■ What the task requires
All of the data should be repeated exactly; pictures are not part of the copy.

■ The data
/---
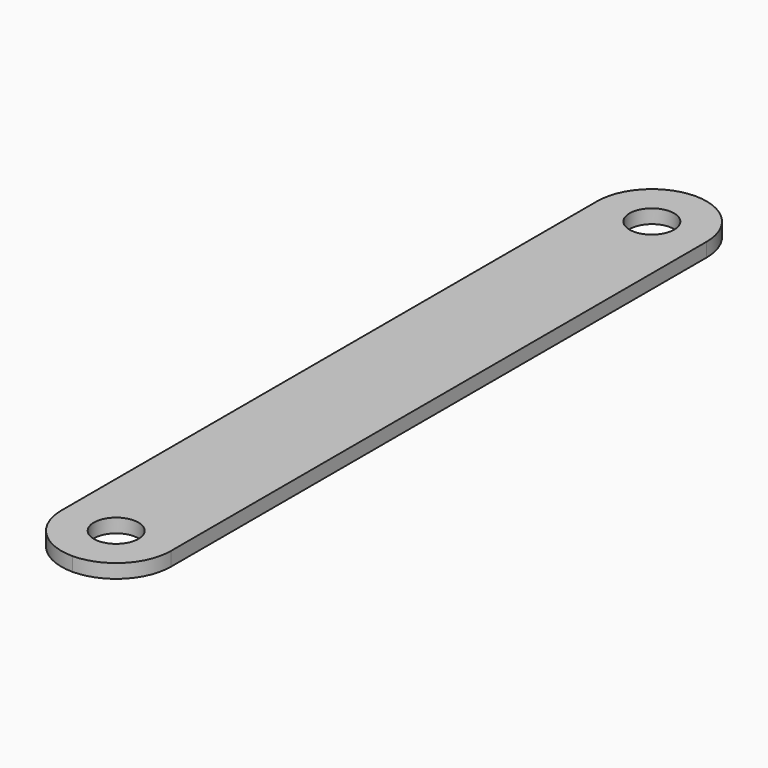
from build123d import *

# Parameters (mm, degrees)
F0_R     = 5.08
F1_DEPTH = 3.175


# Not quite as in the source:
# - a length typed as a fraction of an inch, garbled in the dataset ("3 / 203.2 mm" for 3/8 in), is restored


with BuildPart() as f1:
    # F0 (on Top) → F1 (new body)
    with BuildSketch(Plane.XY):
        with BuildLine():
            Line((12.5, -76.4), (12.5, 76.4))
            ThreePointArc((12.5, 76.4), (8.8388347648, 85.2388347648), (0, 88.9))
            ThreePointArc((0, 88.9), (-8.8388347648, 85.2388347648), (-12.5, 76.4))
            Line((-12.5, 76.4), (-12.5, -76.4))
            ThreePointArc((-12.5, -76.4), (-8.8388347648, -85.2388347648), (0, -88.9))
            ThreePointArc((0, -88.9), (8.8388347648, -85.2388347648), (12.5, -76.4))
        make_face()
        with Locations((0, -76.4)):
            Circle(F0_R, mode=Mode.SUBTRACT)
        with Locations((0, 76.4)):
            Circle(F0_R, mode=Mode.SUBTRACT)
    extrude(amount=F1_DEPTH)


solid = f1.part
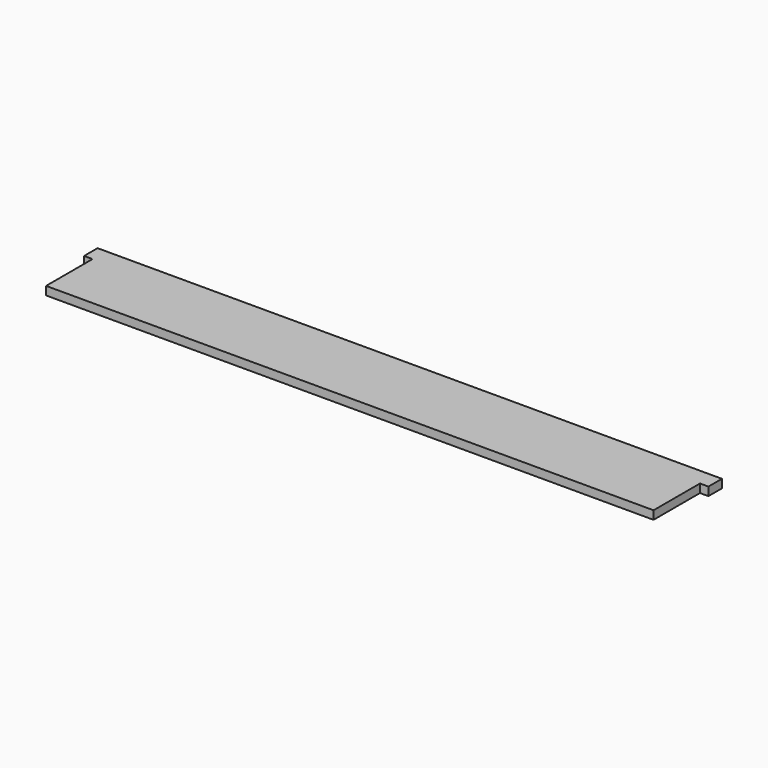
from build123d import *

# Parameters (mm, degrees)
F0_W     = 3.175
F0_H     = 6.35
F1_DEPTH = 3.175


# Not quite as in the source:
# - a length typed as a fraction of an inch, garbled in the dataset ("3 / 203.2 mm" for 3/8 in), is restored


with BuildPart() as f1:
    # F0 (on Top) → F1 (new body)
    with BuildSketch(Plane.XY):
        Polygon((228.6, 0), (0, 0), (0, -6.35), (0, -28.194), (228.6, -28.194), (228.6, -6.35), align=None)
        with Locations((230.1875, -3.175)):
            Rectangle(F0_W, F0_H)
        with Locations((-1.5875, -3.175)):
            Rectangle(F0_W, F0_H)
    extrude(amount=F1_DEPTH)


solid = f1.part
\---
■ Exercise response
from build123d import *

# Parameters (mm, degrees)
F0_R     = 5.08
F1_DEPTH = 3.175


# Not quite as in the source:
# - a length typed as a fraction of an inch, garbled in the dataset ("3 / 203.2 mm" for 3/8 in), is restored


with BuildPart() as f1:
    # F0 (on Top) → F1 (new body)
    with BuildSketch(Plane.XY):
        with BuildLine():
            Line((12.5, -76.4), (12.5, 76.4))
            ThreePointArc((12.5, 76.4), (8.8388347648, 85.2388347648), (0, 88.9))
            ThreePointArc((0, 88.9), (-8.8388347648, 85.2388347648), (-12.5, 76.4))
            Line((-12.5, 76.4), (-12.5, -76.4))
            ThreePointArc((-12.5, -76.4), (-8.8388347648, -85.2388347648), (0, -88.9))
            ThreePointArc((0, -88.9), (8.8388347648, -85.2388347648), (12.5, -76.4))
        make_face()
        with Locations((0, -76.4)):
            Circle(F0_R, mode=Mode.SUBTRACT)
        with Locations((0, 76.4)):
            Circle(F0_R, mode=Mode.SUBTRACT)
    extrude(amount=F1_DEPTH)


solid = f1.part
from build123d import *

# Parameters (mm, degrees)
F0_W     = 3.175
F0_H     = 6.35
F1_DEPTH = 3.175


# Not quite as in the source:
# - a length typed as a fraction of an inch, garbled in the dataset ("3 / 203.2 mm" for 3/8 in), is restored


with BuildPart() as f1:
    # F0 (on Top) → F1 (new body)
    with BuildSketch(Plane.XY):
        Polygon((228.6, 0), (0, 0), (0, -6.35), (0, -28.194), (228.6, -28.194), (228.6, -6.35), align=None)
        with Locations((230.1875, -3.175)):
            Rectangle(F0_W, F0_H)
        with Locations((-1.5875, -3.175)):
            Rectangle(F0_W, F0_H)
    extrude(amount=F1_DEPTH)


solid = f1.part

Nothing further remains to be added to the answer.